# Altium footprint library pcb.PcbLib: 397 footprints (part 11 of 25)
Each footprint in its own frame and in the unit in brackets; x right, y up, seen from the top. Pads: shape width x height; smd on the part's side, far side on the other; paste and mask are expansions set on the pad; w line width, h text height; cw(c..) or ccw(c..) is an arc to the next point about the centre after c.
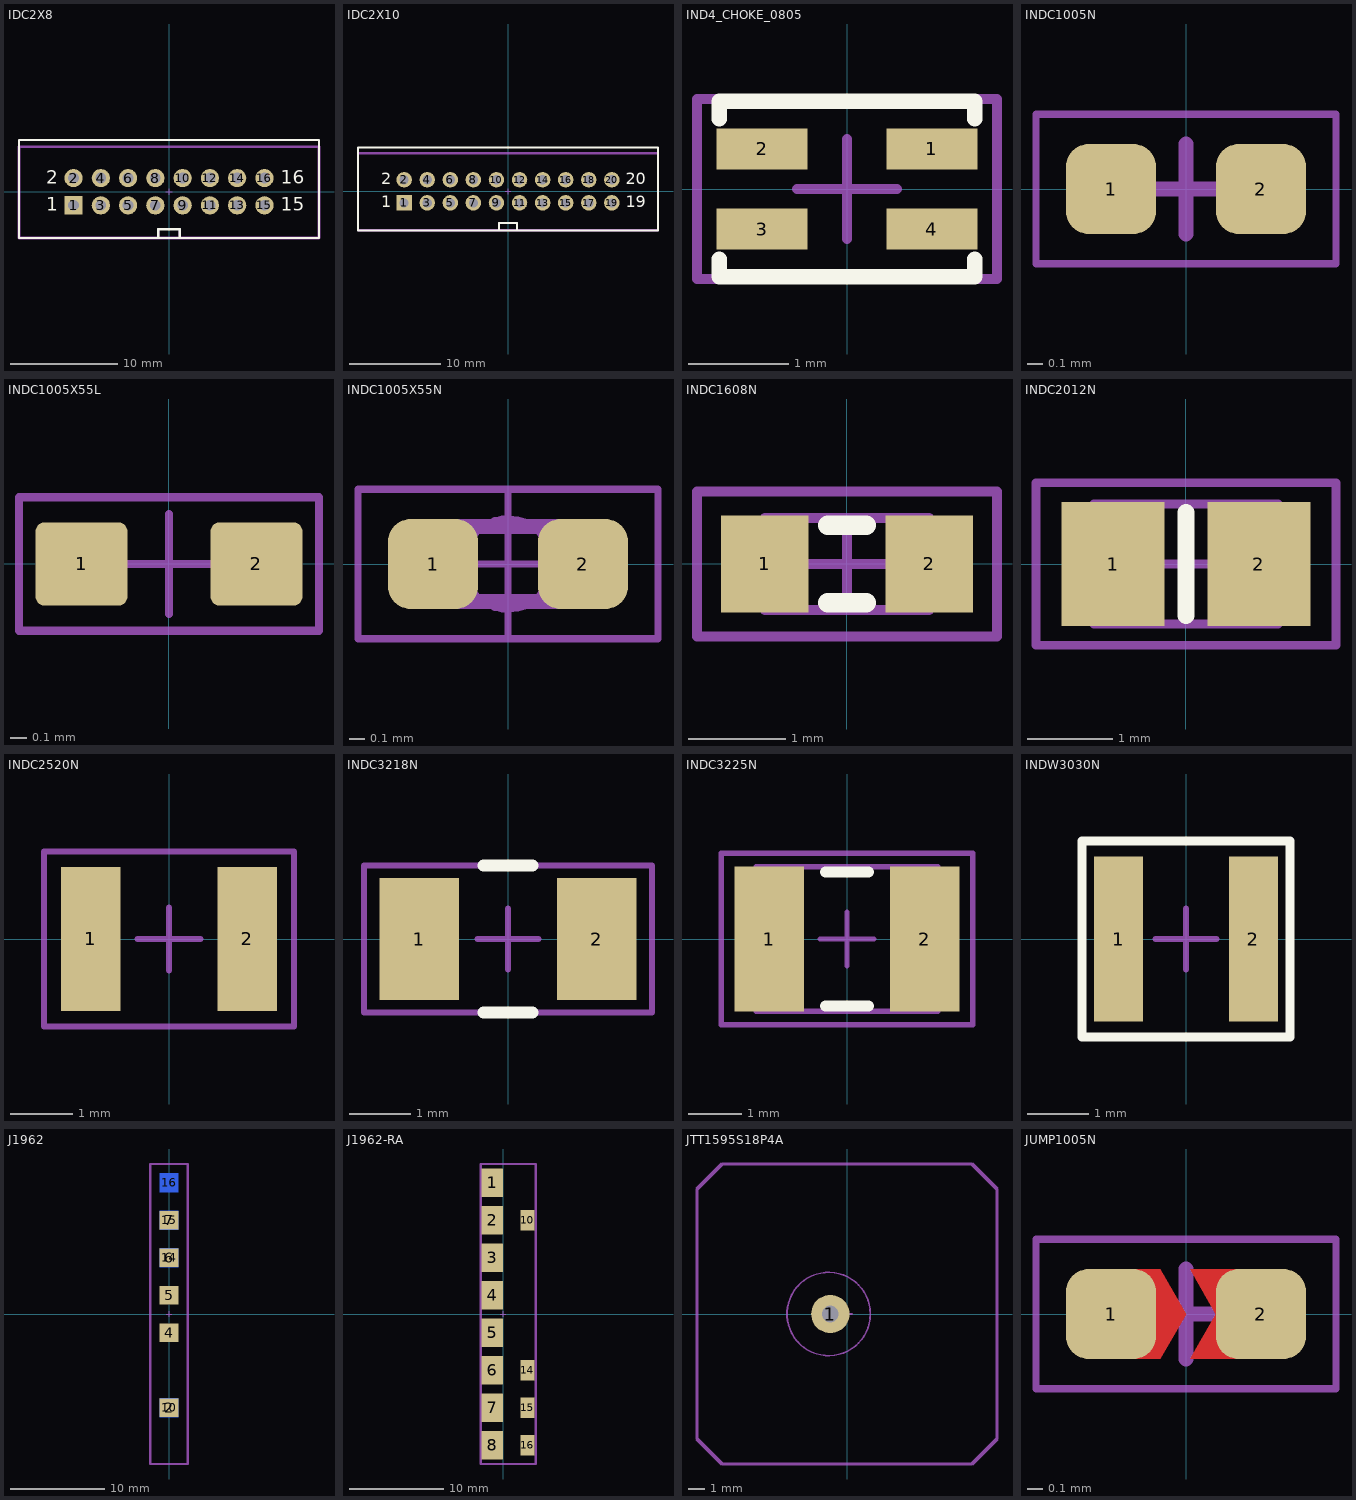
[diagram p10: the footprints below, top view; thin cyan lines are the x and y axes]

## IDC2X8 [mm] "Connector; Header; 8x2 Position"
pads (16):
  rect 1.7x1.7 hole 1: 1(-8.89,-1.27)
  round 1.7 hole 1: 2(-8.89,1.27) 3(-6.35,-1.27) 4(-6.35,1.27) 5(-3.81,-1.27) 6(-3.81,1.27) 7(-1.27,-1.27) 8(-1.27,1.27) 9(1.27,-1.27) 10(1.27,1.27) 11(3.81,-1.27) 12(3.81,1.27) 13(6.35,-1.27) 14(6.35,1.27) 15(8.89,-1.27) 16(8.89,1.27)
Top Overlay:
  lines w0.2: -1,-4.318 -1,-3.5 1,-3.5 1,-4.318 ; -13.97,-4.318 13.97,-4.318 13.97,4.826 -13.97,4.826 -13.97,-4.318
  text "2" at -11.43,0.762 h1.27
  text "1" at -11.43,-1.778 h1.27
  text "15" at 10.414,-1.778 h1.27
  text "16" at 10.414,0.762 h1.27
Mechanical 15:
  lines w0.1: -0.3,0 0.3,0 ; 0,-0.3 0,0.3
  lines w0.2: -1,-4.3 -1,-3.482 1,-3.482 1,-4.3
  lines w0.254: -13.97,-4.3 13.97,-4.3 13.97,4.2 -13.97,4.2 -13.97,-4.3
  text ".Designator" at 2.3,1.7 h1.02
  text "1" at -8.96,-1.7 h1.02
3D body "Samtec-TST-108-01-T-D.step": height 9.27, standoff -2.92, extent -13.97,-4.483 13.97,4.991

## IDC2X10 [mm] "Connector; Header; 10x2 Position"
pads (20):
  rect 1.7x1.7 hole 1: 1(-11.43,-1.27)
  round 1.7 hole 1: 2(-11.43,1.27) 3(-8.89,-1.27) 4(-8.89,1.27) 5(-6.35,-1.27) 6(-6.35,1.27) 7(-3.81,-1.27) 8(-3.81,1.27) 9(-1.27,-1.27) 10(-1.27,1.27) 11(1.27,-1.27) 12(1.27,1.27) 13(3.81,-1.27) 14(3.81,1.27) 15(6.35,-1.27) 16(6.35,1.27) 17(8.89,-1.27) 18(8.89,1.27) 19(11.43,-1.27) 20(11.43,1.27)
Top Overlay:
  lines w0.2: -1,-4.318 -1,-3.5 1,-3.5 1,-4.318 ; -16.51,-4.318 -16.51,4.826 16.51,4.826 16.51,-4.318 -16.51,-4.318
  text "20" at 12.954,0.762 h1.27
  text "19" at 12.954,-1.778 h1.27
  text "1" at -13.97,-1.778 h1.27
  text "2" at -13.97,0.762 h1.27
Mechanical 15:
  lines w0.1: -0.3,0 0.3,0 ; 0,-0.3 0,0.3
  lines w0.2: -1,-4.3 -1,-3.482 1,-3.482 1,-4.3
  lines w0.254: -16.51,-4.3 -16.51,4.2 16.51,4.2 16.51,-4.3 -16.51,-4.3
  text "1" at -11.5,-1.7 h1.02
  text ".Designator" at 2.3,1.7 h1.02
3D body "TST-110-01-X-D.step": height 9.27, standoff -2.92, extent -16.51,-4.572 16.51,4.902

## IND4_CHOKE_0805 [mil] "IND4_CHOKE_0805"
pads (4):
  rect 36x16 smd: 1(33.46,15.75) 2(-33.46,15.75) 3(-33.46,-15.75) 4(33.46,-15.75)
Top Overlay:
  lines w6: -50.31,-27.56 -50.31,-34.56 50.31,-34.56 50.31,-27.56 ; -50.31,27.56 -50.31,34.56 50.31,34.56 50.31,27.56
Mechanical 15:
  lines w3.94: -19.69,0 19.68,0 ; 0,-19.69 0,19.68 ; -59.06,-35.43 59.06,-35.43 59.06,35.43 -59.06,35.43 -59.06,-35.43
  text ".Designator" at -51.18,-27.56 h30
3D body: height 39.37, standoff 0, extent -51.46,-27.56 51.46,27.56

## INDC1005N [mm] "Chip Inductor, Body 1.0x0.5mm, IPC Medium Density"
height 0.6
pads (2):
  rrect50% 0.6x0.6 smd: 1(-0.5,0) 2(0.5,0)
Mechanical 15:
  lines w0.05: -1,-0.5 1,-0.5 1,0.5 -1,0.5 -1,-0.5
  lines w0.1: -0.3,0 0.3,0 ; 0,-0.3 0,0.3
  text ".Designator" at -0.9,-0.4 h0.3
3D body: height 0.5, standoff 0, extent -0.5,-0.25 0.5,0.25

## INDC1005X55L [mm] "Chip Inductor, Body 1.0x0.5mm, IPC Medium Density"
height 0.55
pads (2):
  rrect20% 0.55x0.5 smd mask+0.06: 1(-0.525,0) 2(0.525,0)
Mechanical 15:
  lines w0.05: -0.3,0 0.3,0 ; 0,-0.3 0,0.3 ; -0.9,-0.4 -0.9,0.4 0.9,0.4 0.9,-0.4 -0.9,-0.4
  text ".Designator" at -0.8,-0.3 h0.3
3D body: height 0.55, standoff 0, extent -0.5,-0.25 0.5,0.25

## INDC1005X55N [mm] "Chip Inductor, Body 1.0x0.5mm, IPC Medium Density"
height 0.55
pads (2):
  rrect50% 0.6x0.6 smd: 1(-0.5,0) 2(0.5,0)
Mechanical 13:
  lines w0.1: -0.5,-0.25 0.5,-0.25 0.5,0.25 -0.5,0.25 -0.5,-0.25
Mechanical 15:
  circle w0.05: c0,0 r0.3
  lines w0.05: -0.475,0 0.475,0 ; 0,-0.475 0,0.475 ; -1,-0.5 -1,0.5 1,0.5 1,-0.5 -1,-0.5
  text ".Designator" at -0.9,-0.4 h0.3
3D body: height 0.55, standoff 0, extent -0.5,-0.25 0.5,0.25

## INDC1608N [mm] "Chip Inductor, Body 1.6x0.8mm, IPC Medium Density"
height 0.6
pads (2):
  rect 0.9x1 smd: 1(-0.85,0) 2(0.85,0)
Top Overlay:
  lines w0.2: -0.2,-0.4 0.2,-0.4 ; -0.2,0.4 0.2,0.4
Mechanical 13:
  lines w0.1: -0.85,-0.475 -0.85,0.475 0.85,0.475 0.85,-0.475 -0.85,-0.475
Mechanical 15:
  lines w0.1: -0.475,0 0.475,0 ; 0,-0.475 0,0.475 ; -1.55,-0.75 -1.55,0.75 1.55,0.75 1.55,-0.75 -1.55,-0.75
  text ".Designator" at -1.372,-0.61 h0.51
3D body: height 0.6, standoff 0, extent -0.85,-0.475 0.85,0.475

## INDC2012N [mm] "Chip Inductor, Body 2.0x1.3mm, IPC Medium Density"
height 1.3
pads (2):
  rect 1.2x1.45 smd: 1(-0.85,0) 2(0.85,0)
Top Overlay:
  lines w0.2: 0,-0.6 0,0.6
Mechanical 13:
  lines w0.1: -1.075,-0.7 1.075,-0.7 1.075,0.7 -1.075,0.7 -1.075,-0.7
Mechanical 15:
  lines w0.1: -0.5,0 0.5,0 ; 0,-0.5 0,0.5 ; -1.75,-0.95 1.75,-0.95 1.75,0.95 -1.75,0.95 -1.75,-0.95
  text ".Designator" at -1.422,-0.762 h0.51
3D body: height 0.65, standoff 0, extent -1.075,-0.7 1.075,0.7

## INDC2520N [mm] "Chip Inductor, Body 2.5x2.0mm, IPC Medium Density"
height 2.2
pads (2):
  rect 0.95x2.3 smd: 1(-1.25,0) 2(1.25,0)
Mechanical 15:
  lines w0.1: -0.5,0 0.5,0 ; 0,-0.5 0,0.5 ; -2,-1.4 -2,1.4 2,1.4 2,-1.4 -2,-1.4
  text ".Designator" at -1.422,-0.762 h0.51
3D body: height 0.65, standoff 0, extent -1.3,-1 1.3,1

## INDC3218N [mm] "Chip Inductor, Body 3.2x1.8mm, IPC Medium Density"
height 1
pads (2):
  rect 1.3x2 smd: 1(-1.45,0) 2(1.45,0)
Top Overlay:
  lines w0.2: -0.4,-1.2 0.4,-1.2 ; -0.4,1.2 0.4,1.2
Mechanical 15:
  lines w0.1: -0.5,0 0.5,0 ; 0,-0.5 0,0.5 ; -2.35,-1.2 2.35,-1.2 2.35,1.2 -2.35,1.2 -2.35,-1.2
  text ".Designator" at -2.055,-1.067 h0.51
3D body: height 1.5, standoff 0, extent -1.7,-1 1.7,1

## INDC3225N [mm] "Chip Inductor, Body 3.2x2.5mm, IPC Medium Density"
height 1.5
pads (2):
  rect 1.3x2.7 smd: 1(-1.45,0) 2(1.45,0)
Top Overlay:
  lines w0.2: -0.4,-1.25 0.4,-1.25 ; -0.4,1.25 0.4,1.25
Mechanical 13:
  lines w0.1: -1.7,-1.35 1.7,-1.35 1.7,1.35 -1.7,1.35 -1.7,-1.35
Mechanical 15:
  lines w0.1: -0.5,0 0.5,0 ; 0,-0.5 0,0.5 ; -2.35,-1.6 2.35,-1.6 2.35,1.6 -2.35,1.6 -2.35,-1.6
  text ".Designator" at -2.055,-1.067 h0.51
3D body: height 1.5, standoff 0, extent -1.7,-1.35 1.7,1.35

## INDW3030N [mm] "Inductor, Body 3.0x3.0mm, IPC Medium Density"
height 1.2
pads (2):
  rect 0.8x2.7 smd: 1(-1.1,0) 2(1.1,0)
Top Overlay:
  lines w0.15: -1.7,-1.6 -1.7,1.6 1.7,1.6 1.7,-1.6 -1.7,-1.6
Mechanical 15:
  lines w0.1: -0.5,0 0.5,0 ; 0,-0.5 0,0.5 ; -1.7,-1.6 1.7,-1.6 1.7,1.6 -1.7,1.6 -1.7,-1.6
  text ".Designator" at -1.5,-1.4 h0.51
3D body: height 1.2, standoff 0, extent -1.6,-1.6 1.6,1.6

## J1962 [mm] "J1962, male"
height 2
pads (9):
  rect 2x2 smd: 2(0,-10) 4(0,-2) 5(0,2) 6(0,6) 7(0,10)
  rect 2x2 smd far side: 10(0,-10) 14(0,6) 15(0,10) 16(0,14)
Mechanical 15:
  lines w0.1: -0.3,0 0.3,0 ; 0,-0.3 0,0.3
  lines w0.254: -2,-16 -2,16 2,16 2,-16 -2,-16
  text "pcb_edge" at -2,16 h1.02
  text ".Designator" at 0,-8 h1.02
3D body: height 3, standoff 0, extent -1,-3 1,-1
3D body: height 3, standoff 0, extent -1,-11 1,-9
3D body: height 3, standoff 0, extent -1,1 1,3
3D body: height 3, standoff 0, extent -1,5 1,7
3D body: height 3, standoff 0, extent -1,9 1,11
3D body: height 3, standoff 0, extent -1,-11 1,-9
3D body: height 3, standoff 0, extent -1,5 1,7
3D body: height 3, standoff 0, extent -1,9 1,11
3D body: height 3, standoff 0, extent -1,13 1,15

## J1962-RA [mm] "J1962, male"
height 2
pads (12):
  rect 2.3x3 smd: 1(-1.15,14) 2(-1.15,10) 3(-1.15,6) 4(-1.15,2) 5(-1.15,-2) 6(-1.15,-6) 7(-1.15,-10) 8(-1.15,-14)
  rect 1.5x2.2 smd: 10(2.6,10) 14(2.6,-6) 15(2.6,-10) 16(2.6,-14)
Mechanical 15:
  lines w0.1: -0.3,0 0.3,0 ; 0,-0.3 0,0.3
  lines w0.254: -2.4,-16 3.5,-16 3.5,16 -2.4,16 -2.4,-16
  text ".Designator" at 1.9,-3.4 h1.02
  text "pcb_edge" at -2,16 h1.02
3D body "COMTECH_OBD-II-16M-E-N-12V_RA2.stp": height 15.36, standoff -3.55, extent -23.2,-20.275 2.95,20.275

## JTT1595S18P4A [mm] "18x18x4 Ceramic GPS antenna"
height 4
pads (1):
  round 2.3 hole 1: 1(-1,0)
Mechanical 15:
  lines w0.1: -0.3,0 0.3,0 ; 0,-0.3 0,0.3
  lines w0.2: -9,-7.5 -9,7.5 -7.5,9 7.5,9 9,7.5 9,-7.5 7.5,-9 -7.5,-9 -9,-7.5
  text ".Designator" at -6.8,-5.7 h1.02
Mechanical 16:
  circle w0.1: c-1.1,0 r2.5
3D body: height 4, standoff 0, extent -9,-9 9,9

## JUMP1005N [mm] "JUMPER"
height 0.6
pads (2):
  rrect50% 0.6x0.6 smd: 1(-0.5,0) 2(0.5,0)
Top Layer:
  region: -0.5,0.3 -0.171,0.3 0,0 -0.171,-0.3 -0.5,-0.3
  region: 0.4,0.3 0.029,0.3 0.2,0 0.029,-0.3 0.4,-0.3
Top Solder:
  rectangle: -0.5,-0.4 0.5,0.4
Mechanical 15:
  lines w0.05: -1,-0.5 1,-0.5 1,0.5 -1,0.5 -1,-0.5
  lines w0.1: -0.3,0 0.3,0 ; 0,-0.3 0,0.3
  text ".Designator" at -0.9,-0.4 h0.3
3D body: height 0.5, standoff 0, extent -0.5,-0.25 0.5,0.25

_What this task involves_:
In the listing above, find the line with "rect 0.9x1 smd: 1(-0.85,0) 2(0.85,0)" and the line with "3D body: height 1.5, standoff 0, extent -1.7,-1 1.7,1", then reproduce both and every line between them exactly.

_Finished exercise_:
  rect 0.9x1 smd: 1(-0.85,0) 2(0.85,0)
Top Overlay:
  lines w0.2: -0.2,-0.4 0.2,-0.4 ; -0.2,0.4 0.2,0.4
Mechanical 13:
  lines w0.1: -0.85,-0.475 -0.85,0.475 0.85,0.475 0.85,-0.475 -0.85,-0.475
Mechanical 15:
  lines w0.1: -0.475,0 0.475,0 ; 0,-0.475 0,0.475 ; -1.55,-0.75 -1.55,0.75 1.55,0.75 1.55,-0.75 -1.55,-0.75
  text ".Designator" at -1.372,-0.61 h0.51
3D body: height 0.6, standoff 0, extent -0.85,-0.475 0.85,0.475

## INDC2012N [mm] "Chip Inductor, Body 2.0x1.3mm, IPC Medium Density"
height 1.3
pads (2):
  rect 1.2x1.45 smd: 1(-0.85,0) 2(0.85,0)
Top Overlay:
  lines w0.2: 0,-0.6 0,0.6
Mechanical 13:
  lines w0.1: -1.075,-0.7 1.075,-0.7 1.075,0.7 -1.075,0.7 -1.075,-0.7
Mechanical 15:
  lines w0.1: -0.5,0 0.5,0 ; 0,-0.5 0,0.5 ; -1.75,-0.95 1.75,-0.95 1.75,0.95 -1.75,0.95 -1.75,-0.95
  text ".Designator" at -1.422,-0.762 h0.51
3D body: height 0.65, standoff 0, extent -1.075,-0.7 1.075,0.7

## INDC2520N [mm] "Chip Inductor, Body 2.5x2.0mm, IPC Medium Density"
height 2.2
pads (2):
  rect 0.95x2.3 smd: 1(-1.25,0) 2(1.25,0)
Mechanical 15:
  lines w0.1: -0.5,0 0.5,0 ; 0,-0.5 0,0.5 ; -2,-1.4 -2,1.4 2,1.4 2,-1.4 -2,-1.4
  text ".Designator" at -1.422,-0.762 h0.51
3D body: height 0.65, standoff 0, extent -1.3,-1 1.3,1

## INDC3218N [mm] "Chip Inductor, Body 3.2x1.8mm, IPC Medium Density"
height 1
pads (2):
  rect 1.3x2 smd: 1(-1.45,0) 2(1.45,0)
Top Overlay:
  lines w0.2: -0.4,-1.2 0.4,-1.2 ; -0.4,1.2 0.4,1.2
Mechanical 15:
  lines w0.1: -0.5,0 0.5,0 ; 0,-0.5 0,0.5 ; -2.35,-1.2 2.35,-1.2 2.35,1.2 -2.35,1.2 -2.35,-1.2
  text ".Designator" at -2.055,-1.067 h0.51
3D body: height 1.5, standoff 0, extent -1.7,-1 1.7,1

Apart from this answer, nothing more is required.